**Prompt**
Collect all lines below with the string "Terminator".

BEGIN Information given

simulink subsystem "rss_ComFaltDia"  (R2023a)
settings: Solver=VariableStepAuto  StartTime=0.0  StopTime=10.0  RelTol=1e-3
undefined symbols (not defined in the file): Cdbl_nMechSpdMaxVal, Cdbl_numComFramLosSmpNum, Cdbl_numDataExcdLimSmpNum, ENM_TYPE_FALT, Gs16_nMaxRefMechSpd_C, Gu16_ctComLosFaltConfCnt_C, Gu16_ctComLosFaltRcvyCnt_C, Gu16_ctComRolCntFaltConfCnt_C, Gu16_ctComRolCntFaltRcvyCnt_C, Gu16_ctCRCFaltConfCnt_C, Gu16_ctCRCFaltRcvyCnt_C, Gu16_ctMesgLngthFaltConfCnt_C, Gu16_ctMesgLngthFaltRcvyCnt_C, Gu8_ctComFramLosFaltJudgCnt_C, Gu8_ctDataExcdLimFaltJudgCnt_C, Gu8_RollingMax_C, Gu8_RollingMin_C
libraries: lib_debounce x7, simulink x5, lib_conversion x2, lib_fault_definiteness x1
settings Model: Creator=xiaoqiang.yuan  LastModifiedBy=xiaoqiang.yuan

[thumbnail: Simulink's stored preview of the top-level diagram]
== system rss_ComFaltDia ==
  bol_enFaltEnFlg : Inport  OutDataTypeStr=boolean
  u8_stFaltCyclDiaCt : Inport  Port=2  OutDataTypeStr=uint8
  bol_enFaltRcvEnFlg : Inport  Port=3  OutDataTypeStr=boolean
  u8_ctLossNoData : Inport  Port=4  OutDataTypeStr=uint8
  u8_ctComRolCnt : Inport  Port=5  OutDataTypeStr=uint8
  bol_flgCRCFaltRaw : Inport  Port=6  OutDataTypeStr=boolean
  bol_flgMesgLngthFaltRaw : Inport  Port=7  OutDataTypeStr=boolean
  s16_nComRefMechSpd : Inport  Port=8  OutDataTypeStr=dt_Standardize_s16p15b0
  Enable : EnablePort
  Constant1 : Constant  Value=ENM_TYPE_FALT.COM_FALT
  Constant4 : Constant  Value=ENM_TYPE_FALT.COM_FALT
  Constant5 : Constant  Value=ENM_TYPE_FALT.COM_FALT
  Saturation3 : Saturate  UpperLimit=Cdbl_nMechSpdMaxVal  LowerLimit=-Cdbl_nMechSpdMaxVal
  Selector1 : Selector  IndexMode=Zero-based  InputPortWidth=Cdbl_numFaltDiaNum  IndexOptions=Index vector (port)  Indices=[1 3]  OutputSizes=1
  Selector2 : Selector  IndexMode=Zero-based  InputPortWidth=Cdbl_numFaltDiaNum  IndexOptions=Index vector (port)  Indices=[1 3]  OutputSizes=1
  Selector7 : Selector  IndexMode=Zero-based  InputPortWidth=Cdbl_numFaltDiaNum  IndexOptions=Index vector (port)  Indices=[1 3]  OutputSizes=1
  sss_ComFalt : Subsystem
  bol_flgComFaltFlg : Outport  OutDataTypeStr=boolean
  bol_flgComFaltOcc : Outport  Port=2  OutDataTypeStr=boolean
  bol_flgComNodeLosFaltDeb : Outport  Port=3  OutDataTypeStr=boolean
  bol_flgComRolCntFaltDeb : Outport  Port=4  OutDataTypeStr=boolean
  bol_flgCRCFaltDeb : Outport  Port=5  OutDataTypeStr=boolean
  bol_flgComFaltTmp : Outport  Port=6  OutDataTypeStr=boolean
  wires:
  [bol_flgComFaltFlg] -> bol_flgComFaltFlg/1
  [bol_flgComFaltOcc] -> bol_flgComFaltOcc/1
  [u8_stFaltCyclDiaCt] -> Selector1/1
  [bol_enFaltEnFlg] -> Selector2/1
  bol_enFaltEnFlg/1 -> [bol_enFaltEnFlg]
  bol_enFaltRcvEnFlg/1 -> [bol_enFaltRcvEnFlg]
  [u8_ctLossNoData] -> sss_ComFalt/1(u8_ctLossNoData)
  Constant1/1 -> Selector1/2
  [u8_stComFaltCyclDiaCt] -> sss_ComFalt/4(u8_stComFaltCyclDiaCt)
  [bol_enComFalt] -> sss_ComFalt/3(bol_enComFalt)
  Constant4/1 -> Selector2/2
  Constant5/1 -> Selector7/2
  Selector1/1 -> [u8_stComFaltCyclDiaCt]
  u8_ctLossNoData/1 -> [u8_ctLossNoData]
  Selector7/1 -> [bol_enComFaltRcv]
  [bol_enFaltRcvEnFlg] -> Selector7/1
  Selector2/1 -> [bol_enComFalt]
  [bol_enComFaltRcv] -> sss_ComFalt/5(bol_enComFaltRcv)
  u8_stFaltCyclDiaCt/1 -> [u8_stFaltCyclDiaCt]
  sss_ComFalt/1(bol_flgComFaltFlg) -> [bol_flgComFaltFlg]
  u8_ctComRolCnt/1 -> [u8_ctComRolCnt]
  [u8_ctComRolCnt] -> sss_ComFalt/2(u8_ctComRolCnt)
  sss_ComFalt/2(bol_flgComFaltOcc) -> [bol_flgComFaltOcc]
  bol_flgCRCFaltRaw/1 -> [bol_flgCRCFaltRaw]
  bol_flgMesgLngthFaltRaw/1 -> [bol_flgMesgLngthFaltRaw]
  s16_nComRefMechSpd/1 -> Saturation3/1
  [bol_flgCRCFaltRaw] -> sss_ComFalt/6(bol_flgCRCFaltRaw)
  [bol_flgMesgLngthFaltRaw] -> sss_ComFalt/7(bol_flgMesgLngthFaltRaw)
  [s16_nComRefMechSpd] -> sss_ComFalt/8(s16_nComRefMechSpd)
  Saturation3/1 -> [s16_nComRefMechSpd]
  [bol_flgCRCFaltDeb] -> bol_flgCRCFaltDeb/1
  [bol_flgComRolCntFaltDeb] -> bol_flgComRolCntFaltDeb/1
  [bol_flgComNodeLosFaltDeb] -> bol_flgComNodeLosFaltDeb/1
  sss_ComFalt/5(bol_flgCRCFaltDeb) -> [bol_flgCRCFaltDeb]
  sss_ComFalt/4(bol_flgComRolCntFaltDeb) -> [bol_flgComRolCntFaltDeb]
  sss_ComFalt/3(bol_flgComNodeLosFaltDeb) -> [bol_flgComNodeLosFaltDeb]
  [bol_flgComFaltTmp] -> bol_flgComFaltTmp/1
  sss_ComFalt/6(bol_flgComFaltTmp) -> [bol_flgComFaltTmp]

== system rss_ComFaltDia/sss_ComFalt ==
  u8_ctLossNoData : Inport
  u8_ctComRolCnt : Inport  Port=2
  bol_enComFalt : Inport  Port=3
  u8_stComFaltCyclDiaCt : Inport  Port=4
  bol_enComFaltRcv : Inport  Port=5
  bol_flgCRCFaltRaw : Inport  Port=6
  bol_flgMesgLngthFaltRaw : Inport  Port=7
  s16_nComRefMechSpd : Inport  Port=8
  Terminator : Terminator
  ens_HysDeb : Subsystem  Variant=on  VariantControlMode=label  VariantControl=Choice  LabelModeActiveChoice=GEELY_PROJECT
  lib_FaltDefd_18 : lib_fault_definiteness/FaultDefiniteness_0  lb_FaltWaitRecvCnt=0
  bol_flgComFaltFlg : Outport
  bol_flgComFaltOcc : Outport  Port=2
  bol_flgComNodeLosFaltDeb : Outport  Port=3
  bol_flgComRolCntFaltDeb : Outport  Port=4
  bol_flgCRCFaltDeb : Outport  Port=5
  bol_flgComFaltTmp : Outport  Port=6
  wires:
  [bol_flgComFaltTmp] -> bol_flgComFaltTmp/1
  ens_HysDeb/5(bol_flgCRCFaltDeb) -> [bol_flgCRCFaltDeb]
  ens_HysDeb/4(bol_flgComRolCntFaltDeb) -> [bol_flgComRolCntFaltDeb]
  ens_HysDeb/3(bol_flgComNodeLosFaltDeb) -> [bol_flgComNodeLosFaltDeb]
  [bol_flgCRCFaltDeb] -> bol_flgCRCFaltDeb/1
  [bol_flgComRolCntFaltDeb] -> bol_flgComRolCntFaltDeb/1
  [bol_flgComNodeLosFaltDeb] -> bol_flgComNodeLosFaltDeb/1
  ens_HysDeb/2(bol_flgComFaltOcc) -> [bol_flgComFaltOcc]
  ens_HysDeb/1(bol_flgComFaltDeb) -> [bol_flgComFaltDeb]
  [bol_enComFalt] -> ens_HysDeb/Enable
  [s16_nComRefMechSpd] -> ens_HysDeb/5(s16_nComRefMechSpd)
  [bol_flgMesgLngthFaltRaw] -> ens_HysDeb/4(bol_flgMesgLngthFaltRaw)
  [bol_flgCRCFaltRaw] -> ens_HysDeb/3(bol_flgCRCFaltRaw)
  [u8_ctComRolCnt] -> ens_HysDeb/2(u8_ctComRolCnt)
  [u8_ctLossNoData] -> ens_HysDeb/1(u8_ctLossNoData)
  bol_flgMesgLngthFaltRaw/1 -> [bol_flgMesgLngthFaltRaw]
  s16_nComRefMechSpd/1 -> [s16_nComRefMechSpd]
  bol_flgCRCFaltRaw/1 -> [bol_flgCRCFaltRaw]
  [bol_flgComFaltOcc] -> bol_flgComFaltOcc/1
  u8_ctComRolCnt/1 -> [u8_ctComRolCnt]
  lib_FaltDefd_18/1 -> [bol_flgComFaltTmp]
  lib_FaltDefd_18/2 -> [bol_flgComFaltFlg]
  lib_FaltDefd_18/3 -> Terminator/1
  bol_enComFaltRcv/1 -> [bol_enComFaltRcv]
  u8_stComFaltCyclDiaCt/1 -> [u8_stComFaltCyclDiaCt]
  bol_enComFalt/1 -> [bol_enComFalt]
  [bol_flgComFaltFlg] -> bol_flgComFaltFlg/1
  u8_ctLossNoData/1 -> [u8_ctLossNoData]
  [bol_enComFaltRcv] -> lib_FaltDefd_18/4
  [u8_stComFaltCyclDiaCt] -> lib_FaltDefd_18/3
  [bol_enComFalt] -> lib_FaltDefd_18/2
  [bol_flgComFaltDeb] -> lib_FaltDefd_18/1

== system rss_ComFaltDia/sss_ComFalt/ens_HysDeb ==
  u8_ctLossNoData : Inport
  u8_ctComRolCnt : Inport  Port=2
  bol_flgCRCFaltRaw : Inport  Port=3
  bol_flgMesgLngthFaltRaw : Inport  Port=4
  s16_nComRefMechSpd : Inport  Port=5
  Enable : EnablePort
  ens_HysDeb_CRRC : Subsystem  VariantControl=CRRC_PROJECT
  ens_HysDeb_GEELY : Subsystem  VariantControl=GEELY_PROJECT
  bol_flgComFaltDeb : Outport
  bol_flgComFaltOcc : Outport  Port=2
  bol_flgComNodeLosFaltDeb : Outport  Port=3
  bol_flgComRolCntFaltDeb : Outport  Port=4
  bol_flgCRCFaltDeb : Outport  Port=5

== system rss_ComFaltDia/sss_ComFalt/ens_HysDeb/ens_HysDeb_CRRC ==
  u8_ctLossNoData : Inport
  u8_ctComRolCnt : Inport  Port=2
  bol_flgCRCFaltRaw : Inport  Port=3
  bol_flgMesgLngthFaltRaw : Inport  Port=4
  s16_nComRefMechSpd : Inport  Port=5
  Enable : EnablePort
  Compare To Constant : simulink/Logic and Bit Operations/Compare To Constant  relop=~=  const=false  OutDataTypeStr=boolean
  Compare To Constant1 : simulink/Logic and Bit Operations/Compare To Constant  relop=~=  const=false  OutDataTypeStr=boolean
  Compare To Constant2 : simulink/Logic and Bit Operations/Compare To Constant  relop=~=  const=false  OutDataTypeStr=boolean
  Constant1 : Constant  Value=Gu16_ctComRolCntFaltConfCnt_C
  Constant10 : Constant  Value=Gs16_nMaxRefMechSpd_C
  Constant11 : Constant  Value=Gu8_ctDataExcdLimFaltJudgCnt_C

END Information given

**Solution for this problem**
  Terminator : Terminator
  lib_FaltDefd_18/3 -> Terminator/1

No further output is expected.